Your ability to do things that most others can’t comprehend doesn’t mean that they think you use magic.  Do your family members really think you use magic or do they know you are simply using your knowledge in ways they don’t understand?  No atheist knows everything, but they all know that the things they don’t know aren’t magical.  And your coworkers, both atheist and theist, all know you deal in reality with no supernatural help.  So the idea that a technology sufficiently advanced appears as magic to the unknowing party isn’t a good analogy here.  It only works when we talk about a group that has never seen anything that wasn’t around in the stone age.  Nowadays, with the technology out there, only a willfully ignorant person will see magic.

I am sorry that you are unable to talk to anyone about anything you do.  If I could become smarter and chat as an equal I would. 

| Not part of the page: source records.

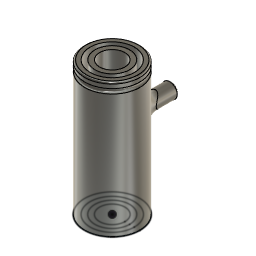
NoiseMakerSimple (Autodesk Fusion 360 design; units mm, degrees)
Autodesk Fusion 360 part; units mm, degrees
sketch "Sketch1" plane through (0, 0, 0) normal (0, 0, 1) x (1, 0, 0)
  circle A0 centre (0, 0) radius 17.5
  circle A1 centre (0, 0) radius 14
  circle A2 centre (0, 0) radius 11
  circle A3 centre (0, 0) radius 8
  dimension "d2" = 35
  dimension "d3" = 28
  dimension "d4" = 22
  dimension "d5" = 16
  constraint coincident A0.centre A1.centre
  constraint concentric A0 A1
  constraint concentric A1 A2
  constraint concentric A0 A3
  measures "d2" diameter of A0
  measures "d3" diameter of A1
  measures "d4" diameter of A2
  measures "d5" diameter of A3
extrude "Extrude1" add sketch "Sketch1" along normal blind 85 contours A0 makes body 1
extrude "Extrude2" add sketch "Sketch1" along normal blind 85 separate body contours A2 makes body 2
extrude "Extrude3" add sketch "Sketch1" along normal blind 3.5 contours A0 | A1 | A2 bodies 1 2
sketch "Sketch2" plane through (0, 0, 0) normal (0, 1, 0) x (1, 0, 0)
  circle A0 centre (0, -50) radius 4.75
  line L0 (-17.5, -85) -> (17.5, -85)
  circle A1 centre (0, -50) radius 3.25
  dimension "d13" = 9.5
  dimension "d14" = 35
  dimension "d15" = 6.5
  constraint concentric A0 A1
  measures "d13" diameter of A0
  measures "d14" distance of A0.centre L0
  measures "d15" diameter of A1
extrude "Extrude4" add sketch "Sketch2" along normal blind 37.5 separate body makes body 3
extrude "Extrude5" add sketch "Sketch1" along normal blind 85 separate body contours A1 | A2 | A3 makes body 4
combine "Combine1" operation cut target body 3 tool bodies 4
sketch "Sketch3" plane through (0, 37.5, 0) normal (0, 1, 0) x (-1, 0, 0)
  circle A0 centre (0, 50) radius 3.25
  circle A1 centre (0, 50) radius 4.75
  circle A2 centre (0, 50) radius 3.25
  constraint concentric A0 A2
extrude "Extrude6" cut sketch "Sketch3" against normal blind 26 contours A0 A2 bodies 1
combine "Combine2" operation add target body 3 tool bodies 1
fillet "Fillet1" radius 10 1 edges at (4.75, 16.843, 50) on bodies 3
fillet "Fillet2" radius 1 1 edges at (-4.4286, 37.5, 51.7177) on bodies 3
sketch "Sketch4" plane through (0, 0, 0) normal (0, 1, 0) x (1, 0, 0)
  circle A0 centre (-17.4, -80) radius 1.5
  line L0 (-17.5, -85) -> (17.5, -85)
  dimension "d26" = 3
  dimension "d27" = 5
  dimension "d28" = 0.1
  measures "d26" diameter of A0
  measures "d27" distance of A0.centre L0
  measures "d28" horizontal distance of A0.centre L0.start
revolve "Revolve1" cut sketch "Sketch4" angle 360 about axis through (0, 0, 0) along (0, 0, -1) bodies 3
fillet "Fillet3" radius 1 1 edges at (-16.3157, -6.3283, 85) on bodies 3
equation "ExternalDiam = 35 mm"
equation "d2 = ExternalDiam"
equation "d3 = ExternalDiam - 7 mm"
equation "d4 = ExternalDiam - 7 mm - 6 mm"
equation "d5 = ExternalDiam - 7 mm - 6 mm - 6 mm"
equation "OverallLength = 85 mm"
equation "d7 = OverallLength"
equation "d9 = OverallLength"
equation "d16 = ExternalDiam / 2 + 20 mm"
equation "d18 = OverallLength"
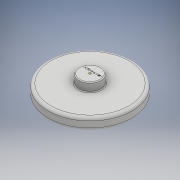
# Autodesk Inventor part: 前輪
Saved by Autodesk Inventor 2018 (Build 220112000, 112)
## iProperties
Created: 2017-09-09
Part Number: 前輪
Material: 一般
Document SubType Name: Modeling
Designer: Kenta
Density: 1 g/cm^3
Appearance: 既定
Author: Kenta
Autodesk Inventor part; units mm, degrees
ref_plane "YZ Plane" through (0, 0, 0) normal (1, 0, 0) x (0, 1, 0)
ref_plane "XZ Plane" through (0, 0, 0) normal (0, 1, 0) x (-1, 0, 0)
ref_plane "XY Plane" through (0, 0, 0) normal (0, 0, 1) x (1, 0, 0)
sketch "スケッチ1" plane through (0, 0, 0) normal (0, 0, 1) x (1, 0, 0)
  circle A0 centre (0, 0) radius 245
  dimension "d0" = 490
  constraints: 1 centre point, 1 coincident
  measures "d0" diameter of A0
extrude "押し出し1" add sketch "スケッチ1" along normal mid plane 70
fillet "フィレット1" radius 17.5 2 edges at (-245, 0, 35) (-245, 0, -35)
sketch "スケッチ8" plane through (0, 0, 35) normal (0, 0, 1) x (1, 0, 0)
  circle A0 centre (0, 0) radius 64
  dimension "d11" = 128
  constraints: 1 centre point, 1 coincident
  measures "d11" diameter of A0
extrude "押し出し2" add sketch "スケッチ8" along normal blind 50
sketch "スケッチ9" plane through (0, 0, -35) normal (0, 0, -1) x (-1, 0, 0)
  circle A0 centre (0, 0) radius 108
  dimension "d14" = 216
  constraints: 1 centre point, 1 coincident
  measures "d14" diameter of A0
extrude "押し出し3" add sketch "スケッチ9" along normal blind 48
fillet "フィレット2" radius 5 1 edges at (-64, 0, 85)
fillet "フィレット3" radius 5 1 edges at (-64, 0, 35)
fillet "フィレット4" radius 5 2 edges at (108, 0, -83) (108, 0, -35)
sketch "スケッチ10" plane through (0, 0, -83) normal (0, 0, -1) x (-1, 0, 0)
  point P0 (0, 0)
  point P1 (0, 0)
  constraints: 1 coincident
hole "穴2" at (0, 0, -83) direction (0, 0, 1) diameter 12 end through all
sketch "スケッチ12" plane through (0, 0, 85) normal (0, 0, 1) x (1, 0, 0)
  line L0 (-51.2549, 22.4229) -> (29.3453, 22.4229) construction
  line L1 (29.3453, 22.4229) -> (29.3453, -28.267) construction
  line L2 (29.3453, -28.267) -> (-51.2549, -28.267) construction
  line L3 (-51.2549, -28.267) -> (-51.2549, 22.4229) construction
  point P0 (0, 0)
  constraints: 2 other
sketch "スケッチ13" plane through (0, 0, -83) normal (0, 0, -1) x (-1, 0, 0)
  line L0 (-79.0903, 45.7594) -> (75.7007, 45.7594) construction
  line L1 (75.7007, 45.7594) -> (75.7007, -24.292) construction
  line L2 (75.7007, -24.292) -> (-79.0903, -24.292) construction
  line L3 (-79.0903, -24.292) -> (-79.0903, 45.7594) construction
  point P0 (0, 0)
  constraints: 2 other
sketch "スケッチ14" plane through (0, 0, -35) normal (0, 0, -1) x (-1, 0, 0)
  line L0 (-67.9, 178.6198) -> (94.9078, 178.6198) construction
  line L1 (94.9078, 178.6198) -> (94.9078, 134.9225) construction
  line L2 (94.9078, 134.9225) -> (-67.9, 134.9225) construction
  line L3 (-67.9, 134.9225) -> (-67.9, 178.6198) construction
  point P0 (0, 0)
  constraints: 2 other

What I don’t understand is your lack of emotion about other people.  Your personality seems pretty detached, but that’s just a difference in degrees of emotional reaction, not a flaw.  My personality is such that I react differently than you.  So when you don’t understand why I feel something where you wouldn’t, it’s not that I am irrational, it’s just a personal reaction different than what yours would be.  I am guessing that I am not the only person to react differently than you, so your puzzled reaction is a bit odd. 

‘‘Indeed the shifting meanings of words, as for example “complex naturalism” and “supernatural” is beyond their comprehension.’’  Give people some credit.  Define those terms for me and I will tell you if I understand how they have shifted meanings.  Unless you’re shifting the meanings on your own without us knowing, the popular definition should be well known to anyone you work with (although I don’t know where you work, I have a feeling that some secondary education is required).  I wholeheartedly agree with your demand for common definitions to words and ideas in any discussion, but I don’t know that we are that far apart on most things.